--- WHAT TO WORK ON ---
Go through the data and report each line that holds the string "unit".

--- RECORDS SHOWN ---
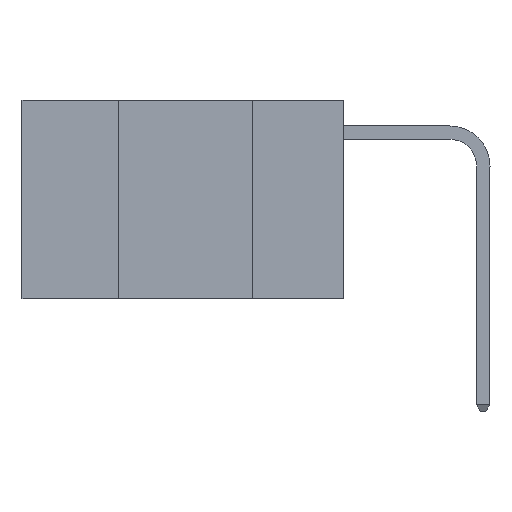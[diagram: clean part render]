
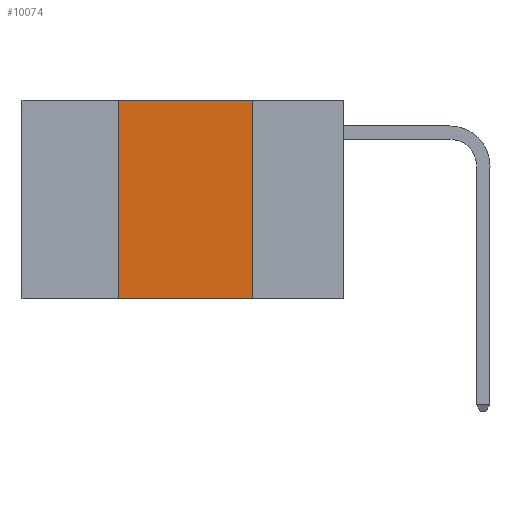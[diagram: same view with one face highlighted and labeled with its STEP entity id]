
A CAD part, left-side view. The second image highlights one B-rep face of the part: STEP entity #10074.
In plain terms, the highlighted planar face has unit normal (-1, 0, 0).
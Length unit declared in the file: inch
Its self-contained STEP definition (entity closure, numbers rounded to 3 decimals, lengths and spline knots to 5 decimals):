
#38 = DIRECTION ( 'NONE',  ( 0., -1., 0. ) ) ;
#65 = CARTESIAN_POINT ( 'NONE',  ( 0., 0.6, 0. ) ) ;
#311 = VECTOR ( 'NONE', #38, 39.37008 ) ;
#958 = ORIENTED_EDGE ( 'NONE', *, *, #17319, .F. ) ;
#1086 = EDGE_LOOP ( 'NONE', ( #5281, #958, #7396, #12409 ) ) ;
#1193 = EDGE_CURVE ( 'NONE', #4158, #11224, #14957, .T. ) ;
#3410 = CARTESIAN_POINT ( 'NONE',  ( 0., 0.42, 0. ) ) ;
#4022 = CARTESIAN_POINT ( 'NONE',  ( 0., 0.42, 0. ) ) ;
#4158 = VERTEX_POINT ( 'NONE', #17635 ) ;
#4967 = VERTEX_POINT ( 'NONE', #16299 ) ;
#5281 = ORIENTED_EDGE ( 'NONE', *, *, #7032, .F. ) ;
#5781 = VECTOR ( 'NONE', #9269, 39.37008 ) ;
#6768 = EDGE_CURVE ( 'NONE', #4158, #4967, #14641, .T. ) ;
#7032 = EDGE_CURVE ( 'NONE', #10096, #4967, #21984, .T. ) ;
#7294 = PLANE ( 'NONE',  #11953 ) ;
#7396 = ORIENTED_EDGE ( 'NONE', *, *, #1193, .F. ) ;
#7429 = CARTESIAN_POINT ( 'NONE',  ( 0., 0.6, -0.37 ) ) ;
#8263 = DIRECTION ( 'NONE',  ( 0., 0., -1. ) ) ;
#9074 = DIRECTION ( 'NONE',  ( 0., 0., -1. ) ) ;
#9269 = DIRECTION ( 'NONE',  ( 0., -1., 0. ) ) ;
#10074 = ADVANCED_FACE ( 'NONE', ( #13981 ), #7294, .F. ) ;
#10096 = VERTEX_POINT ( 'NONE', #21314 ) ;
#10282 = VECTOR ( 'NONE', #14690, 39.37008 ) ;
#11224 = VERTEX_POINT ( 'NONE', #3410 ) ;
#11953 = AXIS2_PLACEMENT_3D ( 'NONE', #65, #19559, #9074 ) ;
#12409 = ORIENTED_EDGE ( 'NONE', *, *, #6768, .T. ) ;
#13981 = FACE_OUTER_BOUND ( 'NONE', #1086, .T. ) ;
#14289 = CARTESIAN_POINT ( 'NONE',  ( 0., 0.6, 0. ) ) ;
#14641 = LINE ( 'NONE', #7429, #5781 ) ;
#14690 = DIRECTION ( 'NONE',  ( 0., 0., 1. ) ) ;
#14957 = LINE ( 'NONE', #4022, #10282 ) ;
#16299 = CARTESIAN_POINT ( 'NONE',  ( 0., 0.17, -0.37 ) ) ;
#17319 = EDGE_CURVE ( 'NONE', #11224, #10096, #19160, .T. ) ;
#17635 = CARTESIAN_POINT ( 'NONE',  ( 0., 0.42, -0.37 ) ) ;
#18749 = CARTESIAN_POINT ( 'NONE',  ( 0., 0.17, 0. ) ) ;
#18978 = VECTOR ( 'NONE', #8263, 39.37008 ) ;
#19160 = LINE ( 'NONE', #14289, #311 ) ;
#19559 = DIRECTION ( 'NONE',  ( 1., 0., 0. ) ) ;
#21314 = CARTESIAN_POINT ( 'NONE',  ( 0., 0.17, 0. ) ) ;
#21984 = LINE ( 'NONE', #18749, #18978 ) ;

--- OUTPUT FOR THIS EXERCISE ---
In plain terms, the highlighted planar face has unit normal (-1, 0, 0).
Length unit declared in the file: inch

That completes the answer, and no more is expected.